Sevinç çığlığım etrafta dalga dalga yankılandı. Biri görse deli olduğumu sanırdı. Tabi bu benim umurumda olur muydu? Hayır! Çünkü bu yapılan en güzel hediyeydi ve bu sebeple sevinmek benim en doğal hakkımdı.

Hemen arkama döndüm ve dördüne doğru koşarak onlara kocaman sarıldım. Bu gerçekten hayatta sahip olduğum en güzel şeydi. Gözlerim dolmadan önce de hepsine sıkı sıkı sarıldım. İlk defa hayatımda beni böylesine düşünen arkadaşlarım vardı. Bu belki diğer insanlar için sıradan olabilirdi ama benim için kocaman bir şeydi. İşte gerçek mutluluk buydu. Gerçekten de mutlu olmak böyle bir şeydi. Ve ben bunu iliklerime kadar hissediyordum.
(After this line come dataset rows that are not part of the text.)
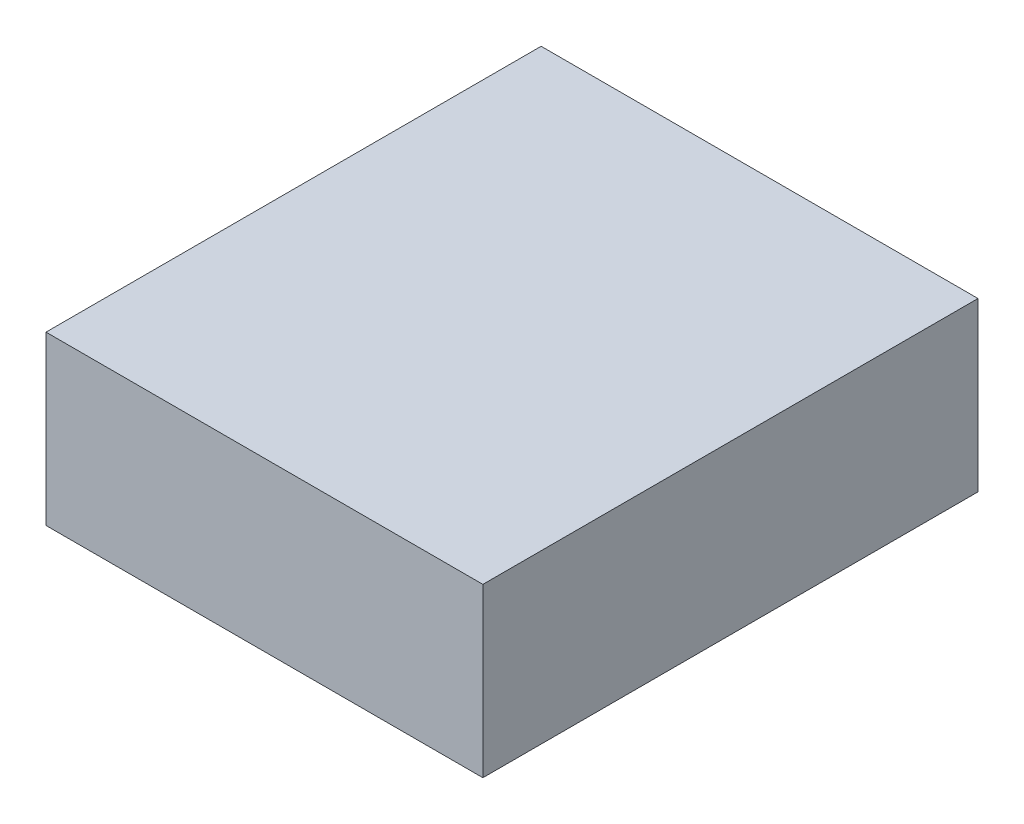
ISO-10303-21;
HEADER;
FILE_DESCRIPTION(('STEP AP214'),'2;1');
FILE_NAME('part.step','',(''),(''),'','','');
FILE_SCHEMA(('AUTOMOTIVE_DESIGN { 1 0 10303 214 1 1 1 1 }'));
ENDSEC;
DATA;
#1=APPLICATION_CONTEXT('core data for automotive mechanical design processes');
#2=APPLICATION_PROTOCOL_DEFINITION('international standard','automotive_design',2000,#1);
#3=PRODUCT_CONTEXT('',#1,'mechanical');
#4=PRODUCT('Part','Part','',(#3));
#5=PRODUCT_RELATED_PRODUCT_CATEGORY('part','',(#4));
#6=PRODUCT_DEFINITION_FORMATION('','',#4);
#7=PRODUCT_DEFINITION_CONTEXT('part definition',#1,'design');
#8=PRODUCT_DEFINITION('design','',#6,#7);
#9=PRODUCT_DEFINITION_SHAPE('','',#8);
#10=(LENGTH_UNIT() NAMED_UNIT(*) SI_UNIT(.MILLI.,.METRE.));
#11=(NAMED_UNIT(*) PLANE_ANGLE_UNIT() SI_UNIT($,.RADIAN.));
#12=(NAMED_UNIT(*) SI_UNIT($,.STERADIAN.) SOLID_ANGLE_UNIT());
#13=UNCERTAINTY_MEASURE_WITH_UNIT(LENGTH_MEASURE(1.E-05),#10,'distance_accuracy_value','');
#14=(GEOMETRIC_REPRESENTATION_CONTEXT(3) GLOBAL_UNCERTAINTY_ASSIGNED_CONTEXT((#13)) GLOBAL_UNIT_ASSIGNED_CONTEXT((#10,
#11,#12)) REPRESENTATION_CONTEXT('',''));
#15=CARTESIAN_POINT('',(0.,0.,0.));
#16=DIRECTION('',(0.,0.,1.));
#17=DIRECTION('',(1.,0.,0.));
#18=AXIS2_PLACEMENT_3D('',#15,#16,#17);
#19=CARTESIAN_POINT('',(15.,5.75,34.));
#20=DIRECTION('',(-1.,0.,0.));
#21=DIRECTION('',(0.,-1.,0.));
#22=AXIS2_PLACEMENT_3D('',#19,#20,#21);
#23=PLANE('',#22);
#24=DIRECTION('',(0.,1.,0.));
#25=VECTOR('',#24,1.);
#26=CARTESIAN_POINT('',(15.,5.75,0.));
#27=LINE('',#26,#25);
#28=CARTESIAN_POINT('',(15.,-5.75,0.));
#29=VERTEX_POINT('',#28);
#30=CARTESIAN_POINT('',(15.,5.75,0.));
#31=VERTEX_POINT('',#30);
#32=EDGE_CURVE('E100',#29,#31,#27,.T.);
#33=ORIENTED_EDGE('',*,*,#32,.T.);
#34=DIRECTION('',(0.,0.,-1.));
#35=VECTOR('',#34,1.);
#36=CARTESIAN_POINT('',(15.,5.75,34.));
#37=LINE('',#36,#35);
#38=CARTESIAN_POINT('',(15.,5.75,34.));
#39=VERTEX_POINT('',#38);
#40=EDGE_CURVE('E11',#39,#31,#37,.T.);
#41=ORIENTED_EDGE('',*,*,#40,.F.);
#42=DIRECTION('',(0.,1.,0.));
#43=VECTOR('',#42,1.);
#44=CARTESIAN_POINT('',(15.,5.75,34.));
#45=LINE('',#44,#43);
#46=CARTESIAN_POINT('',(15.,-5.75,34.));
#47=VERTEX_POINT('',#46);
#48=EDGE_CURVE('E88',#47,#39,#45,.T.);
#49=ORIENTED_EDGE('',*,*,#48,.F.);
#50=DIRECTION('',(0.,0.,-1.));
#51=VECTOR('',#50,1.);
#52=CARTESIAN_POINT('',(15.,-5.75,34.));
#53=LINE('',#52,#51);
#54=EDGE_CURVE('E96',#47,#29,#53,.T.);
#55=ORIENTED_EDGE('',*,*,#54,.T.);
#56=EDGE_LOOP('',(#33,#41,#49,#55));
#57=FACE_BOUND('',#56,.T.);
#58=ADVANCED_FACE('F37',(#57),#23,.F.);
#59=CARTESIAN_POINT('',(-15.,5.75,34.));
#60=DIRECTION('',(0.,-1.,0.));
#61=DIRECTION('',(0.,0.,-1.));
#62=AXIS2_PLACEMENT_3D('',#59,#60,#61);
#63=PLANE('',#62);
#64=DIRECTION('',(-1.,0.,0.));
#65=VECTOR('',#64,1.);
#66=CARTESIAN_POINT('',(-15.,5.75,0.));
#67=LINE('',#66,#65);
#68=CARTESIAN_POINT('',(-15.,5.75,0.));
#69=VERTEX_POINT('',#68);
#70=EDGE_CURVE('E92',#31,#69,#67,.T.);
#71=ORIENTED_EDGE('',*,*,#70,.T.);
#72=DIRECTION('',(0.,0.,-1.));
#73=VECTOR('',#72,1.);
#74=CARTESIAN_POINT('',(-15.,5.75,34.));
#75=LINE('',#74,#73);
#76=CARTESIAN_POINT('',(-15.,5.75,34.));
#77=VERTEX_POINT('',#76);
#78=EDGE_CURVE('E45',#77,#69,#75,.T.);
#79=ORIENTED_EDGE('',*,*,#78,.F.);
#80=DIRECTION('',(-1.,0.,0.));
#81=VECTOR('',#80,1.);
#82=CARTESIAN_POINT('',(-15.,5.75,34.));
#83=LINE('',#82,#81);
#84=EDGE_CURVE('E83',#39,#77,#83,.T.);
#85=ORIENTED_EDGE('',*,*,#84,.F.);
#86=ORIENTED_EDGE('',*,*,#40,.T.);
#87=EDGE_LOOP('',(#71,#79,#85,#86));
#88=FACE_BOUND('',#87,.T.);
#89=ADVANCED_FACE('F91',(#88),#63,.F.);
#90=CARTESIAN_POINT('',(-15.,5.75,34.));
#91=DIRECTION('',(1.,0.,0.));
#92=DIRECTION('',(0.,0.,-1.));
#93=AXIS2_PLACEMENT_3D('',#90,#91,#92);
#94=PLANE('',#93);
#95=DIRECTION('',(0.,-1.,0.));
#96=VECTOR('',#95,1.);
#97=CARTESIAN_POINT('',(-15.,5.75,0.));
#98=LINE('',#97,#96);
#99=CARTESIAN_POINT('',(-15.,-5.75,0.));
#100=VERTEX_POINT('',#99);
#101=EDGE_CURVE('E70',#69,#100,#98,.T.);
#102=ORIENTED_EDGE('',*,*,#101,.T.);
#103=DIRECTION('',(0.,0.,-1.));
#104=VECTOR('',#103,1.);
#105=CARTESIAN_POINT('',(-15.,-5.75,34.));
#106=LINE('',#105,#104);
#107=CARTESIAN_POINT('',(-15.,-5.75,34.));
#108=VERTEX_POINT('',#107);
#109=EDGE_CURVE('E93',#108,#100,#106,.T.);
#110=ORIENTED_EDGE('',*,*,#109,.F.);
#111=DIRECTION('',(0.,-1.,0.));
#112=VECTOR('',#111,1.);
#113=CARTESIAN_POINT('',(-15.,5.75,34.));
#114=LINE('',#113,#112);
#115=EDGE_CURVE('E86',#77,#108,#114,.T.);
#116=ORIENTED_EDGE('',*,*,#115,.F.);
#117=ORIENTED_EDGE('',*,*,#78,.T.);
#118=EDGE_LOOP('',(#102,#110,#116,#117));
#119=FACE_BOUND('',#118,.T.);
#120=ADVANCED_FACE('F94',(#119),#94,.F.);
#121=CARTESIAN_POINT('',(-15.,-5.75,34.));
#122=DIRECTION('',(0.,1.,0.));
#123=DIRECTION('',(0.,0.,1.));
#124=AXIS2_PLACEMENT_3D('',#121,#122,#123);
#125=PLANE('',#124);
#126=DIRECTION('',(1.,0.,0.));
#127=VECTOR('',#126,1.);
#128=CARTESIAN_POINT('',(-15.,-5.75,0.));
#129=LINE('',#128,#127);
#130=EDGE_CURVE('E76',#100,#29,#129,.T.);
#131=ORIENTED_EDGE('',*,*,#130,.T.);
#132=ORIENTED_EDGE('',*,*,#54,.F.);
#133=DIRECTION('',(1.,0.,0.));
#134=VECTOR('',#133,1.);
#135=CARTESIAN_POINT('',(-15.,-5.75,34.));
#136=LINE('',#135,#134);
#137=EDGE_CURVE('E53',#108,#47,#136,.T.);
#138=ORIENTED_EDGE('',*,*,#137,.F.);
#139=ORIENTED_EDGE('',*,*,#109,.T.);
#140=EDGE_LOOP('',(#131,#132,#138,#139));
#141=FACE_BOUND('',#140,.T.);
#142=ADVANCED_FACE('F107',(#141),#125,.F.);
#143=CARTESIAN_POINT('',(0.,0.,34.));
#144=DIRECTION('',(0.,0.,1.));
#145=DIRECTION('',(1.,0.,0.));
#146=AXIS2_PLACEMENT_3D('',#143,#144,#145);
#147=PLANE('',#146);
#148=ORIENTED_EDGE('',*,*,#48,.T.);
#149=ORIENTED_EDGE('',*,*,#84,.T.);
#150=ORIENTED_EDGE('',*,*,#115,.T.);
#151=ORIENTED_EDGE('',*,*,#137,.T.);
#152=EDGE_LOOP('',(#148,#149,#150,#151));
#153=FACE_BOUND('',#152,.T.);
#154=ADVANCED_FACE('F84',(#153),#147,.T.);
#155=CARTESIAN_POINT('',(0.,0.,0.));
#156=DIRECTION('',(0.,0.,1.));
#157=DIRECTION('',(1.,0.,0.));
#158=AXIS2_PLACEMENT_3D('',#155,#156,#157);
#159=PLANE('',#158);
#160=ORIENTED_EDGE('',*,*,#32,.F.);
#161=ORIENTED_EDGE('',*,*,#130,.F.);
#162=ORIENTED_EDGE('',*,*,#101,.F.);
#163=ORIENTED_EDGE('',*,*,#70,.F.);
#164=EDGE_LOOP('',(#160,#161,#162,#163));
#165=FACE_BOUND('',#164,.T.);
#166=ADVANCED_FACE('F110',(#165),#159,.F.);
#167=CLOSED_SHELL('',(#58,#89,#120,#142,#154,#166));
#168=MANIFOLD_SOLID_BREP('B2',#167);
#169=ADVANCED_BREP_SHAPE_REPRESENTATION('',(#18,#168),#14);
#170=SHAPE_DEFINITION_REPRESENTATION(#9,#169);
ENDSEC;
END-ISO-10303-21;

Demek ki arkadaşının olması böyle bir histi. Daha önce bunu hiç tatmamıştım.

Kalbime mutluluk tohumları ekilirken gözyaşlarıma engel olamadım. Ama yine de gülümsemeyi ihmal etmedim. Bu yaptıkları şey için çok şey demem gerekiyordu ama ben onlara sadece teşekkür edebilmiştim.

“Teşekkür ederim!” dedim sevinçle. İstemsizce akan göz yaşımdan sonra Donghyun’a baktım. “Çok teşekkür ederim.”

Hayatın insanın karşısına nasıl sürprizler getireceğini bilemezdin. Bazen bu basit kulübe bile seni inanılmaz mutlu edebilirdi. Buradaki mesele de zaten kulübe de değildi. Buradaki mesele onların bunu düşünmüş olmasıydı. Bu benim için yeterdi.

Hem Minji için hem de Ayça için iki yalnız ruhu mutlu etmeye yeterdi.

Arkamı dönerek Tofu’ya koştum ve bir süre oyun oynadık. Sonra da onun kaplarına köpek maması doldurmaya başladım. Tepede parlayan sonbahar güneşi yüzüme vuruyordu ve ben kendimi çok mutlu hissediyordum.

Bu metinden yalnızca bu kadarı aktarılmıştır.